Utilizing  pre-trained networks
for tasks of architectural image
generation and recognition. 

Advisor/   Sean Hanna and Kahlid El-Ashry



Image 01 -  A method of viewing how the network is understanding the similarity of the images after being trained. Architectural imagery on the right and architectural drawings on the left. Interestingly sections tend to be in the middle of this diagram.


Training deep learning networks to distinguish images is well documented practice to take general tasks – teaching the machine to tell the difference between different types of dogs or types of flowers. This is accomplished through feeding the network a surplus of well-structured labeled image data. For tasks with sparse and limited data we can use networks trained on large images and general image- pre-trained networks - to transfer their knowledge and to accomplish a similar task with less training time and data.

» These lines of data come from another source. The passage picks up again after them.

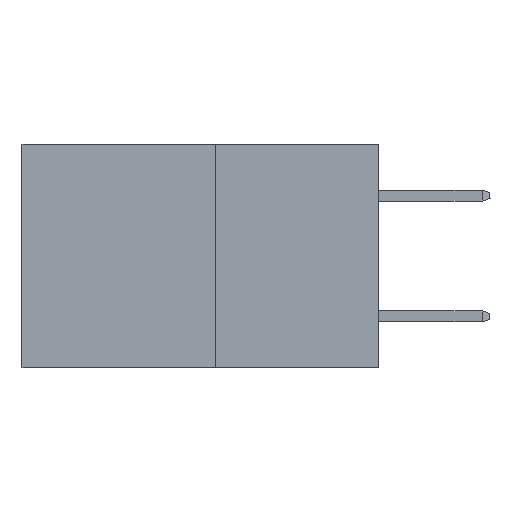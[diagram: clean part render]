
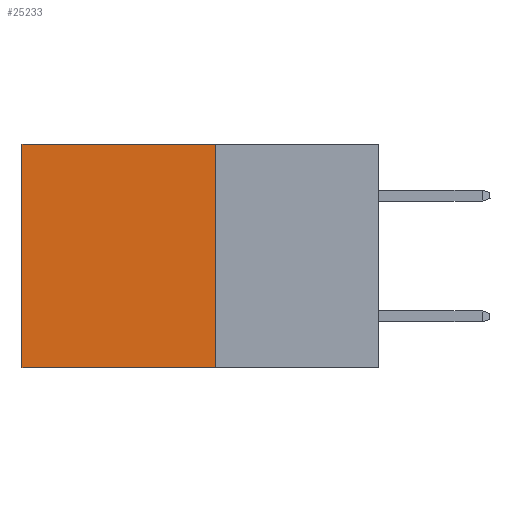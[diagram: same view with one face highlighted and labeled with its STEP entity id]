
A CAD part, left-side view. The second image highlights one B-rep face of the part: STEP entity #25233.
In plain terms, the highlighted planar face has unit normal (-1, 0, 0).
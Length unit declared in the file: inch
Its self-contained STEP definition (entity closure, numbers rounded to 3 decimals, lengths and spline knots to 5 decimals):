
#651 = VERTEX_POINT ( 'NONE', #4224 ) ;
#678 = FACE_OUTER_BOUND ( 'NONE', #12605, .T. ) ;
#1691 = LINE ( 'NONE', #16907, #18175 ) ;
#2119 = LINE ( 'NONE', #6392, #24239 ) ;
#2160 = DIRECTION ( 'NONE',  ( 0., 0., -1. ) ) ;
#2200 = CARTESIAN_POINT ( 'NONE',  ( 0.277, 0.27, 0. ) ) ;
#2591 = VERTEX_POINT ( 'NONE', #20107 ) ;
#2807 = EDGE_CURVE ( 'NONE', #2591, #22460, #22825, .T. ) ;
#3723 = CARTESIAN_POINT ( 'NONE',  ( 0.277, 0.27, -0.37 ) ) ;
#3920 = VERTEX_POINT ( 'NONE', #26948 ) ;
#4224 = CARTESIAN_POINT ( 'NONE',  ( 0.277, 0.27, -0.37 ) ) ;
#5875 = DIRECTION ( 'NONE',  ( 0., 0., -1. ) ) ;
#6267 = CARTESIAN_POINT ( 'NONE',  ( 0.277, 0.59, -0.37 ) ) ;
#6392 = CARTESIAN_POINT ( 'NONE',  ( 0.277, 0.27, -0.37 ) ) ;
#7344 = EDGE_CURVE ( 'NONE', #651, #22460, #1691, .T. ) ;
#7372 = LINE ( 'NONE', #2200, #18781 ) ;
#9308 = ORIENTED_EDGE ( 'NONE', *, *, #22809, .F. ) ;
#10149 = ORIENTED_EDGE ( 'NONE', *, *, #2807, .T. ) ;
#11537 = ORIENTED_EDGE ( 'NONE', *, *, #7344, .F. ) ;
#12605 = EDGE_LOOP ( 'NONE', ( #10149, #11537, #9308, #27274 ) ) ;
#16636 = PLANE ( 'NONE',  #24789 ) ;
#16787 = DIRECTION ( 'NONE',  ( 0., 1., 0. ) ) ;
#16907 = CARTESIAN_POINT ( 'NONE',  ( 0.277, 0.27, -0.37 ) ) ;
#17278 = DIRECTION ( 'NONE',  ( 0., 1., 0. ) ) ;
#18175 = VECTOR ( 'NONE', #16787, 39.37008 ) ;
#18490 = VECTOR ( 'NONE', #22517, 39.37008 ) ;
#18763 = DIRECTION ( 'NONE',  ( 1., 0., 0. ) ) ;
#18781 = VECTOR ( 'NONE', #17278, 39.37008 ) ;
#19578 = EDGE_CURVE ( 'NONE', #3920, #2591, #7372, .T. ) ;
#20107 = CARTESIAN_POINT ( 'NONE',  ( 0.277, 0.59, 0. ) ) ;
#20333 = CARTESIAN_POINT ( 'NONE',  ( 0.277, 0.59, -0.37 ) ) ;
#22460 = VERTEX_POINT ( 'NONE', #20333 ) ;
#22517 = DIRECTION ( 'NONE',  ( 0., 0., -1. ) ) ;
#22809 = EDGE_CURVE ( 'NONE', #3920, #651, #2119, .T. ) ;
#22825 = LINE ( 'NONE', #6267, #18490 ) ;
#24239 = VECTOR ( 'NONE', #2160, 39.37008 ) ;
#24789 = AXIS2_PLACEMENT_3D ( 'NONE', #3723, #18763, #5875 ) ;
#25233 = ADVANCED_FACE ( 'NONE', ( #678 ), #16636, .F. ) ;
#26948 = CARTESIAN_POINT ( 'NONE',  ( 0.277, 0.27, 0. ) ) ;
#27274 = ORIENTED_EDGE ( 'NONE', *, *, #19578, .T. ) ;
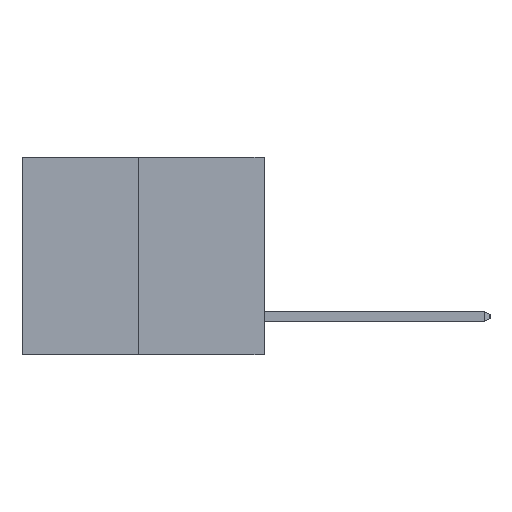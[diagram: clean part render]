
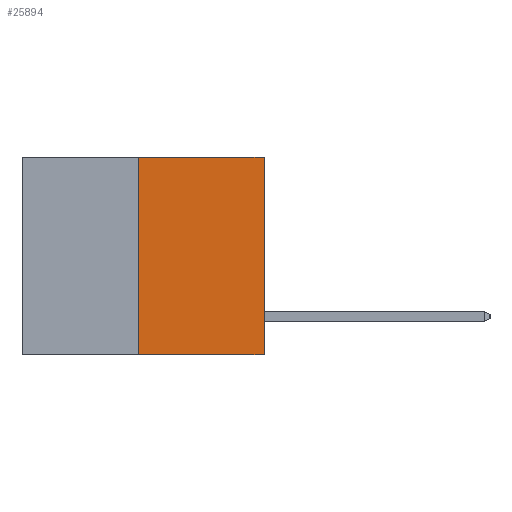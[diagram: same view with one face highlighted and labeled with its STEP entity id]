
A CAD part, left-side view. The second image highlights one B-rep face of the part: STEP entity #25894.
In plain terms, the highlighted planar face has unit normal (-1, 0, 0).
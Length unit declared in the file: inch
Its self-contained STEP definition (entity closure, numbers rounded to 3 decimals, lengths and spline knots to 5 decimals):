
#363 = EDGE_CURVE ( 'NONE', #15989, #3454, #11125, .T. ) ;
#726 = DIRECTION ( 'NONE',  ( 0., -1., 0. ) ) ;
#1678 = DIRECTION ( 'NONE',  ( 1., 0., 0. ) ) ;
#1717 = VERTEX_POINT ( 'NONE', #22267 ) ;
#2130 = CARTESIAN_POINT ( 'NONE',  ( 0., 0.312, 0. ) ) ;
#3026 = VECTOR ( 'NONE', #21756, 39.37008 ) ;
#3163 = AXIS2_PLACEMENT_3D ( 'NONE', #22600, #1678, #16257 ) ;
#3454 = VERTEX_POINT ( 'NONE', #25242 ) ;
#8205 = EDGE_CURVE ( 'NONE', #3454, #1717, #17961, .T. ) ;
#9072 = CARTESIAN_POINT ( 'NONE',  ( 0., 0.6, -0.49 ) ) ;
#9086 = EDGE_CURVE ( 'NONE', #15989, #15437, #14948, .T. ) ;
#9433 = CARTESIAN_POINT ( 'NONE',  ( 0., 0.312, -0.49 ) ) ;
#11125 = LINE ( 'NONE', #9072, #19373 ) ;
#12388 = PLANE ( 'NONE',  #3163 ) ;
#13395 = CARTESIAN_POINT ( 'NONE',  ( 0., 0.6, 0. ) ) ;
#14948 = LINE ( 'NONE', #9433, #3026 ) ;
#15437 = VERTEX_POINT ( 'NONE', #2130 ) ;
#15989 = VERTEX_POINT ( 'NONE', #19896 ) ;
#16198 = FACE_OUTER_BOUND ( 'NONE', #26024, .T. ) ;
#16257 = DIRECTION ( 'NONE',  ( 0., 0., -1. ) ) ;
#16527 = VECTOR ( 'NONE', #726, 39.37008 ) ;
#17961 = LINE ( 'NONE', #18908, #25208 ) ;
#18520 = ORIENTED_EDGE ( 'NONE', *, *, #21314, .F. ) ;
#18908 = CARTESIAN_POINT ( 'NONE',  ( 0., 0., 0. ) ) ;
#19373 = VECTOR ( 'NONE', #25757, 39.37008 ) ;
#19896 = CARTESIAN_POINT ( 'NONE',  ( 0., 0.312, -0.49 ) ) ;
#21314 = EDGE_CURVE ( 'NONE', #15437, #1717, #21454, .T. ) ;
#21454 = LINE ( 'NONE', #13395, #16527 ) ;
#21756 = DIRECTION ( 'NONE',  ( 0., 0., 1. ) ) ;
#22267 = CARTESIAN_POINT ( 'NONE',  ( 0., 0., 0. ) ) ;
#22600 = CARTESIAN_POINT ( 'NONE',  ( 0., 0.6, 0. ) ) ;
#22837 = DIRECTION ( 'NONE',  ( 0., 0., 1. ) ) ;
#23387 = ORIENTED_EDGE ( 'NONE', *, *, #9086, .F. ) ;
#24572 = ORIENTED_EDGE ( 'NONE', *, *, #363, .T. ) ;
#25208 = VECTOR ( 'NONE', #22837, 39.37008 ) ;
#25242 = CARTESIAN_POINT ( 'NONE',  ( 0., 0., -0.49 ) ) ;
#25757 = DIRECTION ( 'NONE',  ( 0., -1., 0. ) ) ;
#25894 = ADVANCED_FACE ( 'NONE', ( #16198 ), #12388, .F. ) ;
#26024 = EDGE_LOOP ( 'NONE', ( #23387, #24572, #27316, #18520 ) ) ;
#27316 = ORIENTED_EDGE ( 'NONE', *, *, #8205, .T. ) ;
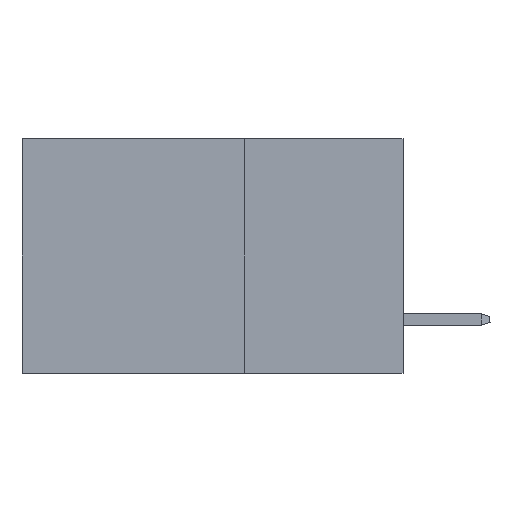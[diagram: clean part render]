
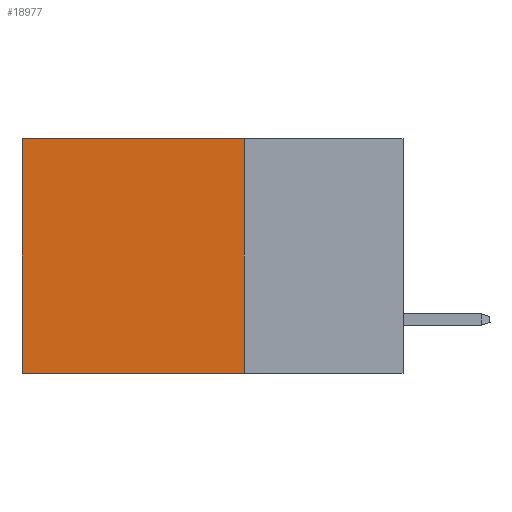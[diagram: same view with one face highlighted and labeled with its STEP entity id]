
A CAD part, left-side view. The second image highlights one B-rep face of the part: STEP entity #18977.
In plain terms, the highlighted planar face has unit normal (-1, 0, 0).
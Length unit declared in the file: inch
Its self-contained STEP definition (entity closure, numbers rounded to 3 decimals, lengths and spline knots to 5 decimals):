
#829 = LINE ( 'NONE', #7361, #18723 ) ;
#891 = ORIENTED_EDGE ( 'NONE', *, *, #11337, .F. ) ;
#932 = VECTOR ( 'NONE', #5719, 39.37008 ) ;
#1783 = ORIENTED_EDGE ( 'NONE', *, *, #20031, .T. ) ;
#2307 = DIRECTION ( 'NONE',  ( 1., 0., 0. ) ) ;
#2717 = VERTEX_POINT ( 'NONE', #6988 ) ;
#3268 = CARTESIAN_POINT ( 'NONE',  ( 0.2875, 0.6, -0.37 ) ) ;
#3648 = CARTESIAN_POINT ( 'NONE',  ( 0.2875, 0.25, 0. ) ) ;
#3712 = FACE_OUTER_BOUND ( 'NONE', #10044, .T. ) ;
#5117 = VECTOR ( 'NONE', #16416, 39.37008 ) ;
#5613 = EDGE_CURVE ( 'NONE', #10994, #2717, #19470, .T. ) ;
#5719 = DIRECTION ( 'NONE',  ( 0., 0., -1. ) ) ;
#6861 = DIRECTION ( 'NONE',  ( 0., 0., -1. ) ) ;
#6988 = CARTESIAN_POINT ( 'NONE',  ( 0.2875, 0.25, -0.37 ) ) ;
#7361 = CARTESIAN_POINT ( 'NONE',  ( 0.2875, 0.25, -0.37 ) ) ;
#7818 = AXIS2_PLACEMENT_3D ( 'NONE', #10444, #2307, #8836 ) ;
#8123 = EDGE_CURVE ( 'NONE', #9243, #19220, #15445, .T. ) ;
#8836 = DIRECTION ( 'NONE',  ( 0., 0., -1. ) ) ;
#9243 = VERTEX_POINT ( 'NONE', #20989 ) ;
#9898 = CARTESIAN_POINT ( 'NONE',  ( 0.2875, 0.25, 0. ) ) ;
#10044 = EDGE_LOOP ( 'NONE', ( #18267, #891, #20131, #1783 ) ) ;
#10444 = CARTESIAN_POINT ( 'NONE',  ( 0.2875, 0.25, 0. ) ) ;
#10994 = VERTEX_POINT ( 'NONE', #20888 ) ;
#11067 = VECTOR ( 'NONE', #6861, 39.37008 ) ;
#11337 = EDGE_CURVE ( 'NONE', #2717, #19220, #829, .T. ) ;
#12748 = DIRECTION ( 'NONE',  ( 0., 1., 0. ) ) ;
#13083 = LINE ( 'NONE', #9898, #5117 ) ;
#15242 = PLANE ( 'NONE',  #7818 ) ;
#15445 = LINE ( 'NONE', #16957, #932 ) ;
#16416 = DIRECTION ( 'NONE',  ( 0., 1., 0. ) ) ;
#16957 = CARTESIAN_POINT ( 'NONE',  ( 0.2875, 0.6, 0. ) ) ;
#18267 = ORIENTED_EDGE ( 'NONE', *, *, #8123, .T. ) ;
#18723 = VECTOR ( 'NONE', #12748, 39.37008 ) ;
#18977 = ADVANCED_FACE ( 'NONE', ( #3712 ), #15242, .F. ) ;
#19220 = VERTEX_POINT ( 'NONE', #3268 ) ;
#19470 = LINE ( 'NONE', #3648, #11067 ) ;
#20031 = EDGE_CURVE ( 'NONE', #10994, #9243, #13083, .T. ) ;
#20131 = ORIENTED_EDGE ( 'NONE', *, *, #5613, .F. ) ;
#20888 = CARTESIAN_POINT ( 'NONE',  ( 0.2875, 0.25, 0. ) ) ;
#20989 = CARTESIAN_POINT ( 'NONE',  ( 0.2875, 0.6, 0. ) ) ;
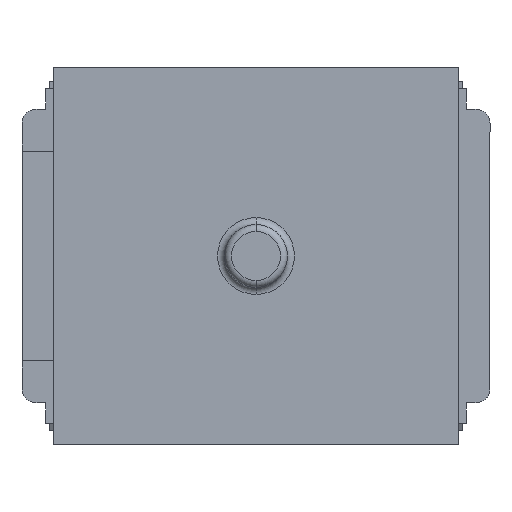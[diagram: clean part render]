
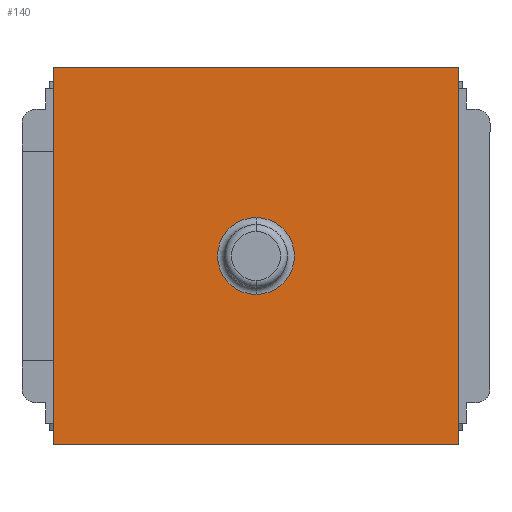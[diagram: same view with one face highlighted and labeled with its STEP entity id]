
A CAD part, front view. The second image highlights one B-rep face of the part: STEP entity #140.
In plain terms, the highlighted planar face has unit normal (0, -1, 0).
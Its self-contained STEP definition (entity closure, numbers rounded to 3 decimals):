
#29 = CARTESIAN_POINT ( 'NONE',  ( -14.5, 0., 13.5 ) ) ;
#38 = VERTEX_POINT ( 'NONE', #10297 ) ;
#67 = DIRECTION ( 'NONE',  ( 0., -1., 0. ) ) ;
#140 = ADVANCED_FACE ( 'NONE', ( #1272, #4230 ), #11520, .T. ) ;
#559 = LINE ( 'NONE', #11567, #11957 ) ;
#809 = LINE ( 'NONE', #8428, #12501 ) ;
#1272 = FACE_OUTER_BOUND ( 'NONE', #3683, .T. ) ;
#1480 = CARTESIAN_POINT ( 'NONE',  ( -14.5, 0., -13.5 ) ) ;
#1670 = DIRECTION ( 'NONE',  ( 0., 0., -1. ) ) ;
#1696 = DIRECTION ( 'NONE',  ( 1., 0., 0. ) ) ;
#2077 = ORIENTED_EDGE ( 'NONE', *, *, #9021, .F. ) ;
#2322 = VERTEX_POINT ( 'NONE', #12895 ) ;
#2893 = DIRECTION ( 'NONE',  ( -1., 0., 0. ) ) ;
#3023 = ORIENTED_EDGE ( 'NONE', *, *, #13638, .F. ) ;
#3104 = CARTESIAN_POINT ( 'NONE',  ( 14.5, 0., -13.5 ) ) ;
#3201 = CARTESIAN_POINT ( 'NONE',  ( 0., 0., 0. ) ) ;
#3608 = DIRECTION ( 'NONE',  ( 0., 1., 0. ) ) ;
#3683 = EDGE_LOOP ( 'NONE', ( #12785, #5862, #3023, #2077 ) ) ;
#4230 = FACE_BOUND ( 'NONE', #7990, .T. ) ;
#4301 = DIRECTION ( 'NONE',  ( 0., 0., 1. ) ) ;
#4398 = ORIENTED_EDGE ( 'NONE', *, *, #6905, .T. ) ;
#5103 = DIRECTION ( 'NONE',  ( 0., 0., 1. ) ) ;
#5650 = CIRCLE ( 'NONE', #9942, 2.75 ) ;
#5862 = ORIENTED_EDGE ( 'NONE', *, *, #6649, .F. ) ;
#6649 = EDGE_CURVE ( 'NONE', #13447, #38, #559, .T. ) ;
#6742 = VECTOR ( 'NONE', #2893, 1000. ) ;
#6905 = EDGE_CURVE ( 'NONE', #7836, #2322, #10182, .T. ) ;
#7040 = ORIENTED_EDGE ( 'NONE', *, *, #11708, .T. ) ;
#7765 = DIRECTION ( 'NONE',  ( 0., 0., -1. ) ) ;
#7836 = VERTEX_POINT ( 'NONE', #13897 ) ;
#7990 = EDGE_LOOP ( 'NONE', ( #4398, #7040 ) ) ;
#8428 = CARTESIAN_POINT ( 'NONE',  ( -14.5, 0., 13.5 ) ) ;
#8449 = AXIS2_PLACEMENT_3D ( 'NONE', #13265, #67, #7765 ) ;
#8809 = VERTEX_POINT ( 'NONE', #3104 ) ;
#9021 = EDGE_CURVE ( 'NONE', #8809, #10496, #9664, .T. ) ;
#9354 = CARTESIAN_POINT ( 'NONE',  ( 14.5, 0., 13.5 ) ) ;
#9465 = LINE ( 'NONE', #9354, #12097 ) ;
#9519 = EDGE_CURVE ( 'NONE', #38, #8809, #9465, .T. ) ;
#9664 = LINE ( 'NONE', #1480, #6742 ) ;
#9942 = AXIS2_PLACEMENT_3D ( 'NONE', #3201, #10889, #4301 ) ;
#9962 = CARTESIAN_POINT ( 'NONE',  ( -14.5, 0., -13.5 ) ) ;
#10182 = CIRCLE ( 'NONE', #13601, 2.75 ) ;
#10183 = CARTESIAN_POINT ( 'NONE',  ( 0., 0., 0. ) ) ;
#10297 = CARTESIAN_POINT ( 'NONE',  ( 14.5, 0., 13.5 ) ) ;
#10496 = VERTEX_POINT ( 'NONE', #9962 ) ;
#10889 = DIRECTION ( 'NONE',  ( 0., 1., 0. ) ) ;
#11308 = DIRECTION ( 'NONE',  ( 0., 0., 1. ) ) ;
#11520 = PLANE ( 'NONE',  #8449 ) ;
#11567 = CARTESIAN_POINT ( 'NONE',  ( -14.5, 0., 13.5 ) ) ;
#11708 = EDGE_CURVE ( 'NONE', #2322, #7836, #5650, .T. ) ;
#11957 = VECTOR ( 'NONE', #1696, 1000. ) ;
#12097 = VECTOR ( 'NONE', #1670, 1000. ) ;
#12501 = VECTOR ( 'NONE', #5103, 1000. ) ;
#12785 = ORIENTED_EDGE ( 'NONE', *, *, #9519, .F. ) ;
#12895 = CARTESIAN_POINT ( 'NONE',  ( 0., 0., 2.75 ) ) ;
#13265 = CARTESIAN_POINT ( 'NONE',  ( 0., 0., 0. ) ) ;
#13447 = VERTEX_POINT ( 'NONE', #29 ) ;
#13601 = AXIS2_PLACEMENT_3D ( 'NONE', #10183, #3608, #11308 ) ;
#13638 = EDGE_CURVE ( 'NONE', #10496, #13447, #809, .T. ) ;
#13897 = CARTESIAN_POINT ( 'NONE',  ( 0., 0., -2.75 ) ) ;

Unfortunately, data that distant and grammatical in nature such as languages or architectural drawings presents a further challenge due to what is referred to by Jeffery Elman as the projection problem. That the example data might not be enough information for the network to generalize and understand the underlaying logic of the data. Furthermore, in the process of transferring knowledge it relatively unknown where and how the network adapts to these new domains.

The attempt of this paper therefore, evaluates to what extent can pre-trained networks help reduce the information needed in order to distinguish architectural plans from sections and where in the network the network adapts? Surveying methods of domain adaptation to reduce the distance from source domains to target domains. This is accomplished by shifting or Fine-Tuning the CNN feature space from large trained datasets using auxiliary datasets. Additionally, we introduce a method to use generative adversarial networks GANs to create data to either use the created content to feed into a typical CNN pipeline or use the discriminator models’ weights to transfer and train a new model. The results suggest that in order to get the network to generalise spatial patterns in architectural drawings, requires a diverse set of high-level features that can either be acquired through similar low-level features or through directly through domain specific creation. 


Image 02 – ALV Kernel _ An Image of the first layer inside a Network, depicting how the network is filtering and breaking down the image for a recognition task. We can see that at this stage the image is being understood for its contours. The color tone variance refers to what the excitatory in white and inhibitory in black. Input image of flower and dog





Image 03 – A comparison of network layers pre-trained depicting how the layers get into finer and finer details and features the deeper into the network. The layers are more similar due to the pre-trained developing general biases. Input image sunflower, dog, sketch of cat and architectural CAD plan.


Image 04 – A comparison of network layers trained from scratch depicting how the layers get into finer and finer details and features the deeper into the network. Input image sunflower, dog, sketch of cat and architectural CAD plan.